**TASK TO CARRY OUT**
In the entries below, find the line with "#9916 = EDGE_CURVE" and print exactly every line from there up to and including the line with "#13636 = ORIENTED_EDGE", with no other lines.

---+---

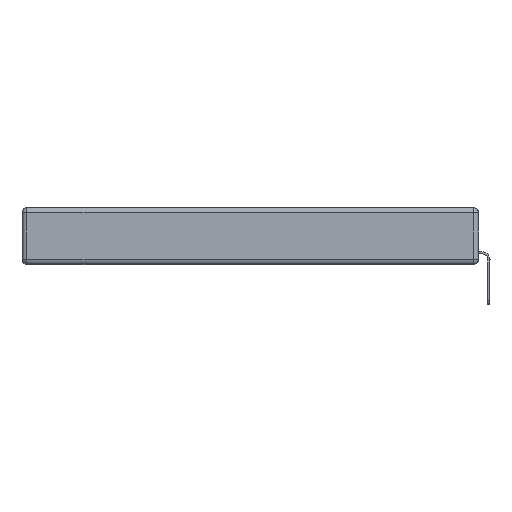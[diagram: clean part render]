
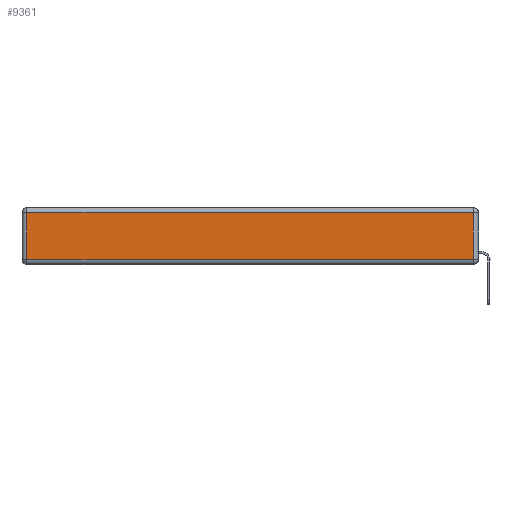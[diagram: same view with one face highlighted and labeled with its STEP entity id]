
A CAD part, left-side view. The second image highlights one B-rep face of the part: STEP entity #9361.
In plain terms, the highlighted planar face has unit normal (-1, 0, 0).
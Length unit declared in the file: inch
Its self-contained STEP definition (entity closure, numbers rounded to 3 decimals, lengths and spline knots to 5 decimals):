
#523 = EDGE_CURVE ( 'NONE', #12163, #9268, #532, .T. ) ;
#532 = LINE ( 'NONE', #10821, #3803 ) ;
#581 = FACE_OUTER_BOUND ( 'NONE', #11642, .T. ) ;
#648 = DIRECTION ( 'NONE',  ( 0., 0., 1. ) ) ;
#1056 = DIRECTION ( 'NONE',  ( 0., 1., 0. ) ) ;
#1349 = EDGE_CURVE ( 'NONE', #9268, #5632, #7642, .T. ) ;
#1830 = DIRECTION ( 'NONE',  ( 0., -1., 0. ) ) ;
#3801 = CARTESIAN_POINT ( 'NONE',  ( 0., 2.72, -0.313 ) ) ;
#3803 = VECTOR ( 'NONE', #1830, 39.37008 ) ;
#3815 = DIRECTION ( 'NONE',  ( 0., 0., 1. ) ) ;
#3838 = VECTOR ( 'NONE', #3815, 39.37008 ) ;
#4167 = ORIENTED_EDGE ( 'NONE', *, *, #9854, .T. ) ;
#5242 = PLANE ( 'NONE',  #14410 ) ;
#5632 = VERTEX_POINT ( 'NONE', #9297 ) ;
#6081 = CARTESIAN_POINT ( 'NONE',  ( 0., 0.03, -0.313 ) ) ;
#6556 = VERTEX_POINT ( 'NONE', #11629 ) ;
#6735 = VECTOR ( 'NONE', #9868, 39.37008 ) ;
#7384 = CARTESIAN_POINT ( 'NONE',  ( 0., 0.03, -0.343 ) ) ;
#7642 = LINE ( 'NONE', #7384, #3838 ) ;
#9252 = ORIENTED_EDGE ( 'NONE', *, *, #1349, .T. ) ;
#9268 = VERTEX_POINT ( 'NONE', #6081 ) ;
#9297 = CARTESIAN_POINT ( 'NONE',  ( 0., 0.03, -0.03 ) ) ;
#9361 = ADVANCED_FACE ( 'NONE', ( #581 ), #5242, .T. ) ;
#9854 = EDGE_CURVE ( 'NONE', #5632, #6556, #14543, .T. ) ;
#9868 = DIRECTION ( 'NONE',  ( 0., 0., -1. ) ) ;
#9916 = EDGE_CURVE ( 'NONE', #6556, #12163, #10099, .T. ) ;
#10099 = LINE ( 'NONE', #13349, #6735 ) ;
#10338 = ORIENTED_EDGE ( 'NONE', *, *, #523, .T. ) ;
#10821 = CARTESIAN_POINT ( 'NONE',  ( 0., 0., -0.313 ) ) ;
#10921 = CARTESIAN_POINT ( 'NONE',  ( 0., 2.75, -0.03 ) ) ;
#11629 = CARTESIAN_POINT ( 'NONE',  ( 0., 2.72, -0.03 ) ) ;
#11642 = EDGE_LOOP ( 'NONE', ( #10338, #9252, #4167, #13636 ) ) ;
#11832 = CARTESIAN_POINT ( 'NONE',  ( 0., 0., -0.343 ) ) ;
#12037 = DIRECTION ( 'NONE',  ( -1., 0., 0. ) ) ;
#12163 = VERTEX_POINT ( 'NONE', #3801 ) ;
#13349 = CARTESIAN_POINT ( 'NONE',  ( 0., 2.72, -0.343 ) ) ;
#13636 = ORIENTED_EDGE ( 'NONE', *, *, #9916, .T. ) ;
#14281 = VECTOR ( 'NONE', #1056, 39.37008 ) ;
#14410 = AXIS2_PLACEMENT_3D ( 'NONE', #11832, #12037, #648 ) ;
#14543 = LINE ( 'NONE', #10921, #14281 ) ;

---+---

**WRITTEN RESPONSE**
#9916 = EDGE_CURVE ( 'NONE', #6556, #12163, #10099, .T. ) ;
#10099 = LINE ( 'NONE', #13349, #6735 ) ;
#10338 = ORIENTED_EDGE ( 'NONE', *, *, #523, .T. ) ;
#10821 = CARTESIAN_POINT ( 'NONE',  ( 0., 0., -0.313 ) ) ;
#10921 = CARTESIAN_POINT ( 'NONE',  ( 0., 2.75, -0.03 ) ) ;
#11629 = CARTESIAN_POINT ( 'NONE',  ( 0., 2.72, -0.03 ) ) ;
#11642 = EDGE_LOOP ( 'NONE', ( #10338, #9252, #4167, #13636 ) ) ;
#11832 = CARTESIAN_POINT ( 'NONE',  ( 0., 0., -0.343 ) ) ;
#12037 = DIRECTION ( 'NONE',  ( -1., 0., 0. ) ) ;
#12163 = VERTEX_POINT ( 'NONE', #3801 ) ;
#13349 = CARTESIAN_POINT ( 'NONE',  ( 0., 2.72, -0.343 ) ) ;
#13636 = ORIENTED_EDGE ( 'NONE', *, *, #9916, .T. ) ;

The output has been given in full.